Und was ist jetzt an warning: SASL authentication failure: Password verification failed undeutlich? smtpd_sasl_auth_enable = yes wäre schon mal ein Anfang. Ich würde das übrigens nicht (mehr) mit Courier, sondern mit Dovecot machen.


----------



## Lunatic (21. Mai 2015)

Die Fehlermeldung an sich verstehe ich schon, ich verstehe nur nicht, warum sie kommt. Es wird in der DB nach dem richtigen Usernamen gefragt (machnmal gibt es ja das Problem, dass der realm nicht übergeben wird).
smtpd_sasl_auth_enable habe ich in der master.cf stehen.
Überhaupt habe ich genau dieses Setup vor einigen Jahren unter Debian 6 erfolreich eingerichtet, jetzt will ich es eben auf Ubuntu 14 migrieren, daher will ich bei Courier bleiben. Der Empfang der Mails und das Abholen der Mails klappen ja auch wie unter Debian erfolgreich, aber wieso will sasl bei gleicher Konfig jetzt nicht?


----------



## florian030 (21. Mai 2015)

Ich vermute mal ganz stark, dass der saslauthd unter Ubuntu 14 anders läuft als unser Debian 6. Zumindest hatte ich schon arge Probleme von debian 5 auf wheezy (frag mich jetzt aber nicht, wo der Fehler im Detail war).

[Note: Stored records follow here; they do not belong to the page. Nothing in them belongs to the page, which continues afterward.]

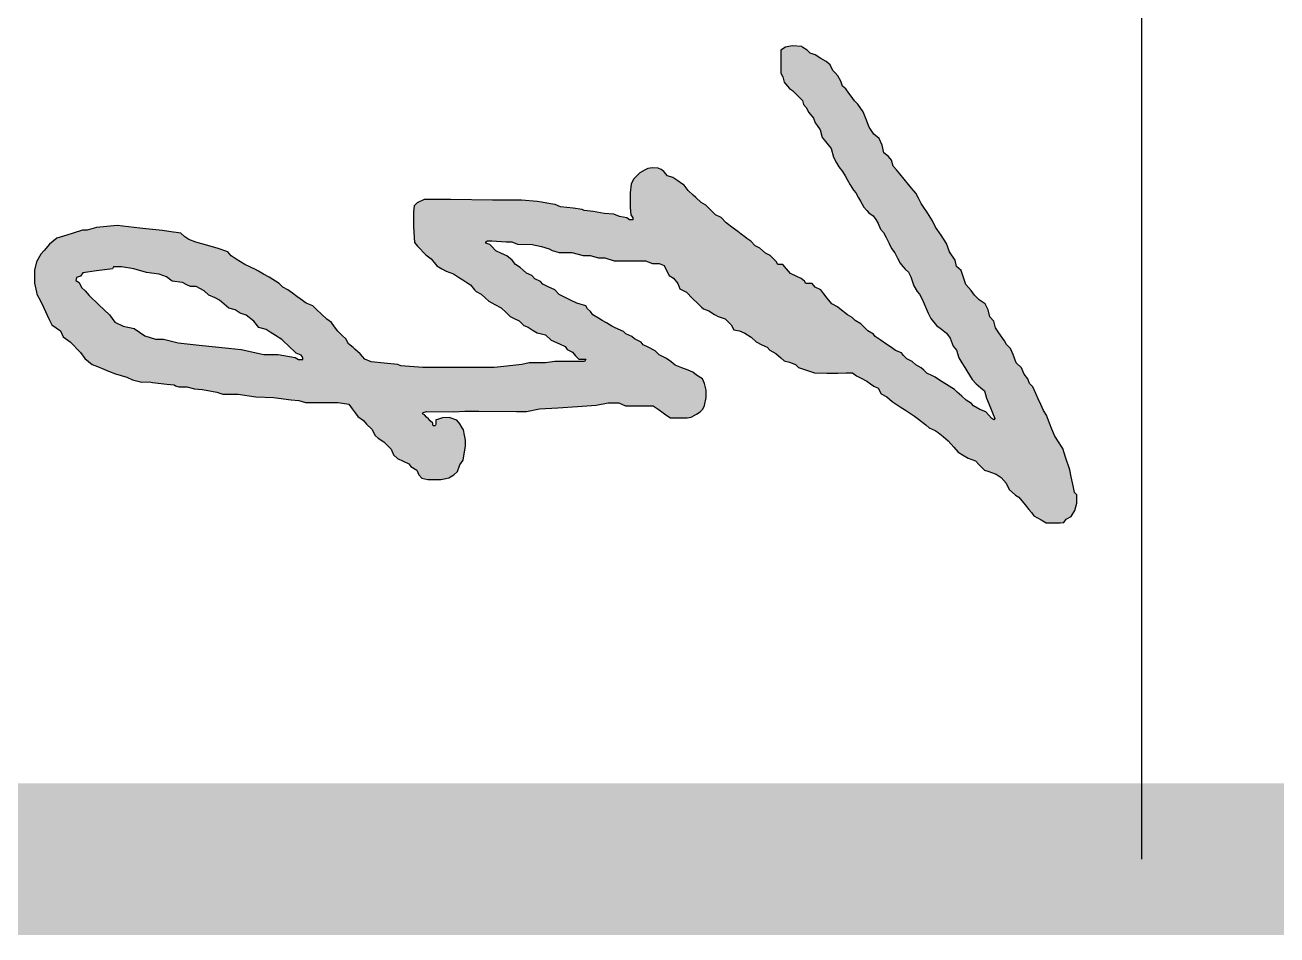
# Model space of a CAD drawing. Extents: x 14207793 to 14719554, y -1675802 to -1228715.
# Drawn here: x 14412700 to 14413690, y -1518108 to -1517387 of the extents above; entities that cross this region are included whole.
import ezdxf

# ---------------------------------------------------------------- set-up
doc = ezdxf.new("R2010")
doc.units = 0
doc.header["$LTSCALE"] = 500
doc.header["$MEASUREMENT"] = 0
doc.layers.get('0').update_dxf_attribs({"linetype": 'CONTINUOUS'})
doc.layers.add('PUB_TITLE', color=4, linetype='CONTINUOUS')

# ---------------------------------------------------------------- blocks, each defined once
blk = doc.blocks.new('dfgj')
h = blk.add_hatch(color=256)
h.dxf.hatch_style = 1
h.paths.add_polyline_path([(26513.1, 19971.4), (26517.3, 19977.7), (26523.4, 19987), (26526.8, 19992.2), (26535.8, 20000), (26539.3, 20003), (26544.1, 20012.1), (26550.9, 20019.7), (26557.2, 20026.8), (26563.4, 20038.2), (26570, 20050.3), (26578.7, 20059.2), (26586.2, 20066.9), (26589.9, 20074.7), (26594.5, 20084.2), (26602.9, 20092.7), (26606.3, 20100.8), (26612.4, 20110.5), (26616.9, 20117.6), (26618.9, 20125.9), (26620.7, 20133.3), (26631, 20144), (26637.8, 20159.6), (26642.7, 20170.7), (26648.5, 20174.6), (26653.4, 20184.1), (26660, 20190.1), (26666.8, 20196.2), (26666.8, 20209.7), (26670.7, 20206.7), (26670.7, 20191.2), (26670.7, 20151), (26673.6, 20133.5), (26673.6, 20102.6), (26676.6, 20088.9), (26680.3, 20055), (26682.2, 20036.9), (26682.2, 20012.7), (26682.2, 19976.9), (26682.2, 19950.2), (26682.2, 19902.4), (26679.4, 19860.7), (26676.5, 19855.6), (26674.1, 19829.8), (26671.8, 19805.4), (26666.9, 19793.1), (26656.4, 19784.6), (26647.9, 19774.6), (26644.8, 19770.9), (26637.8, 19762.7), (26628.1, 19757.1), (26621.7, 19750.4), (26614.1, 19742.2), (26605.4, 19736.2), (26597.2, 19730.5), (26591.4, 19721.3), (26582, 19711.7), (26572.9, 19702.4), (26566, 19695.3), (26560.8, 19682.9), (26552.7, 19671.5), (26548.3, 19665.3), (26542.5, 19657.2), (26536.2, 19648.3), (26530.6, 19638.8), (26523.9, 19631.6), (26512.1, 19613.1), (26506.1, 19602.3), (26500.7, 19592.7), (26497.5, 19587), (26487.9, 19567), (26477.8, 19551.1), (26471.7, 19541.6), (26464.1, 19535.3), (26458, 19517), (26451.2, 19493.3), (26446, 19474.8), (26440.9, 19461.8), (26436.3, 19453.9), (26429.4, 19446.7), (26426, 19424), (26424.2, 19411.7), (26421, 19380.9), (26419.8, 19369.3), (26414.8, 19326.4), (26418.5, 19287.9), (26423.7, 19270.1), (26423.7, 19261.1), (26428.9, 19244), (26432.6, 19231.8), (26438.3, 19212.9), (26449.6, 19199.2), (26461.5, 19189.1), (26468.8, 19182.9), (26483.4, 19174.7), (26498.9, 19170.6), (26523.5, 19170.6), (26540.4, 19174.7), (26544, 19175.5), (26556.8, 19182.1), (26568.6, 19188.1), (26591.7, 19198.7), (26601.6, 19203.3), (26613.4, 19219.6), (26624.7, 19224.6), (26634.1, 19238.2), (26653.8, 19257.8), (26665.2, 19265.8), (26676.7, 19279.4), (26680.6, 19289.3), (26685.3, 19301.2), (26688.9, 19310.1), (26694.1, 19323.4), (26700.2, 19344.7), (26705.7, 19355.6), (26710.1, 19373.1), (26709.4, 19387.5), (26710.8, 19393.3), (26713.5, 19420.1), (26714.9, 19434.1), (26717, 19436.7), (26718.9, 19442.8), (26718.5, 19458.1), (26722.6, 19472.5), (26724, 19487.2), (26727.2, 19504.2), (26728.6, 19514.6), (26732.3, 19525.9), (26732.3, 19554.8), (26737.3, 19587.8), (26739, 19621.2), (26743.5, 19654.7), (26744.3, 19669), (26748.4, 19681.4), (26748.4, 19705), (26748.4, 19724.3), (26748.4, 19742.9), (26751.5, 19763.2), (26760.1, 19769.5), (26767.6, 19775), (26774.7, 19780.2), (26782.4, 19790.6), (26789.4, 19796.1), (26798.7, 19806.5), (26810.6, 19812.4), (26815.6, 19818.5), (26822.4, 19829.1), (26827.5, 19834.2), (26836.1, 19842.7), (26847.1, 19847.1), (26853.5, 19854.6), (26858.6, 19865.5), (26863.6, 19876.3), (26868.6, 19880.1), (26875.5, 19891.3), (26884.3, 19894.8), (26890.8, 19900.3), (26893.5, 19911.7), (26893.5, 19923), (26893.5, 19936.5), (26891.4, 19945.6), (26890.1, 19951.4), (26884.3, 19960.7), (26878.2, 19967.6), (26865.5, 19972.1), (26857, 19978.2), (26829.8, 19982.8), (26819.3, 19982.7), (26809.6, 19980.8), (26799.6, 19978.9), (26796, 19976.7), (26788.6, 19972.4), (26781.7, 19966.7), (26776.8, 19951.8), (26776.9, 19939.4), (26781.7, 19926.8), (26783.7, 19926.8), (26788.6, 19926.7), (26792.3, 19926.5), (26792.3, 19921.7), (26786.9, 19920.9), (26783.1, 19916.4), (26779.2, 19913.4), (26776, 19909.2), (26771.5, 19905.3), (26769.7, 19902.1), (26767, 19903.1), (26765.4, 19909.3), (26765.9, 19961.1), (26764.6, 19981.7), (26764.6, 20007.8), (26765, 20078.7), (26765.1, 20097.6), (26760.4, 20122.2), (26758.1, 20157), (26755.7, 20194), (26753.4, 20229), (26748.8, 20251.6), (26748.8, 20271.4), (26754.6, 20284.5), (26754.6, 20304.2), (26754.6, 20325.3), (26754.6, 20336.1), (26761.1, 20345.7), (26766.1, 20352.9), (26771.2, 20360.4), (26777, 20369), (26777, 20382.4), (26777, 20400.5), (26775.8, 20407.7), (26770, 20417.8), (26765.8, 20425.1), (26760.7, 20429.9), (26753.6, 20432.9), (26738.6, 20436.1), (26725.2, 20436.1), (26712.3, 20433.1), (26703.8, 20429.6), (26696.9, 20418.1), (26690.9, 20411.2), (26687.4, 20402.4), (26682.7, 20390.6), (26677.7, 20377.8), (26671.9, 20370.1), (26665.4, 20361.2), (26658.5, 20347.7), (26651, 20340.4), (26644.2, 20326.9), (26639.4, 20317.3), (26634.6, 20313.5), (26628.1, 20301.5), (26623.7, 20296.3), (26619, 20285.1), (26614.6, 20280.7), (26607.5, 20265), (26604.6, 20258.7), (26598.3, 20248.2), (26593.6, 20240.2), (26589.4, 20233.2), (26583.2, 20222.8), (26576.6, 20218.2), (26571.8, 20212.7), (26566.2, 20209.6), (26561.3, 20192.5), (26555.4, 20180.9), (26550.2, 20170.4), (26544.5, 20159.1), (26536.2, 20151.2), (26530.2, 20138.6), (26525.3, 20128.3), (26520.3, 20124.4), (26515.1, 20113.2), (26508.8, 20107.6), (26504.5, 20097.6), (26498.7, 20091.2), (26494, 20086), (26488, 20076.7), (26479.8, 20070.5), (26471.7, 20060.7), (26467.3, 20050.8), (26462.5, 20040.1), (26454.4, 20032.5), (26450.5, 20028.9), (26448.2, 20021.2), (26445.4, 20021.2), (26443.8, 20024), (26443.8, 20032.2), (26445.6, 20059.7), (26445.6, 20070.2), (26449.7, 20080.9), (26450.3, 20108.5), (26454.2, 20125.8), (26458.9, 20140.2), (26462, 20146.3), (26465.3, 20159.4), (26465.3, 20183.4), (26471.2, 20204.6), (26471.2, 20217.5), (26475.3, 20233.6), (26475.3, 20245.1), (26481.4, 20262.7), (26481.4, 20290.1), (26481.4, 20304.7), (26481.4, 20321.8), (26486.3, 20335.1), (26486.3, 20347.9), (26490.3, 20357.1), (26500.5, 20362.2), (26508.9, 20366.4), (26514.1, 20374.8), (26524.1, 20382.8), (26533.9, 20386.6), (26540.5, 20399), (26552.1, 20410.7), (26561.9, 20420.7), (26568.5, 20427.5), (26571.9, 20431), (26575.4, 20441.3), (26582.2, 20452.2), (26586.4, 20458.9), (26590.6, 20471.7), (26601.9, 20483.6), (26611.5, 20488.1), (26613.3, 20499.2), (26617.3, 20509.3), (26625.2, 20520.9), (26633.7, 20530.5), (26639.8, 20541), (26643.8, 20551.2), (26649.4, 20556.4), (26656, 20567.5), (26664.2, 20576.9), (26669.6, 20583.1), (26672.2, 20593.5), (26676.7, 20604.3), (26682.2, 20610.4), (26685.4, 20619.7), (26688.5, 20628.7), (26692.4, 20640), (26693.2, 20663.6), (26693.2, 20684.5), (26692.2, 20700), (26692.2, 20707.1), (26692.2, 20712.1), (26698.1, 20719.1), (26702.5, 20728), (26707.8, 20738.8), (26712.8, 20745.5), (26717.6, 20752), (26721.1, 20760.1), (26731.7, 20765.6), (26737.4, 20776.7), (26746.6, 20786.6), (26756.3, 20801.9), (26762.5, 20811.8), (26774.2, 20828.7), (26779.4, 20836.2), (26790.5, 20850.1), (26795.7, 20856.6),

Ich kann nachher nochmal die Config raussuchen.


----------



## florian030 (22. Mai 2015)

Versuch mal, den authdaemon zu debuggen und dich manuel anzumelden: http://www.courier-mta.org/authlib/README.authdebug.html

Bei mir lag damals das Problem in /etc/default/saslauthd

OPTIONS="-c -m /var/spool/postfix/var/run/saslauthd -r" muss zu OPTIONS="-c -m /var/run/saslauthd -r" werden.


----------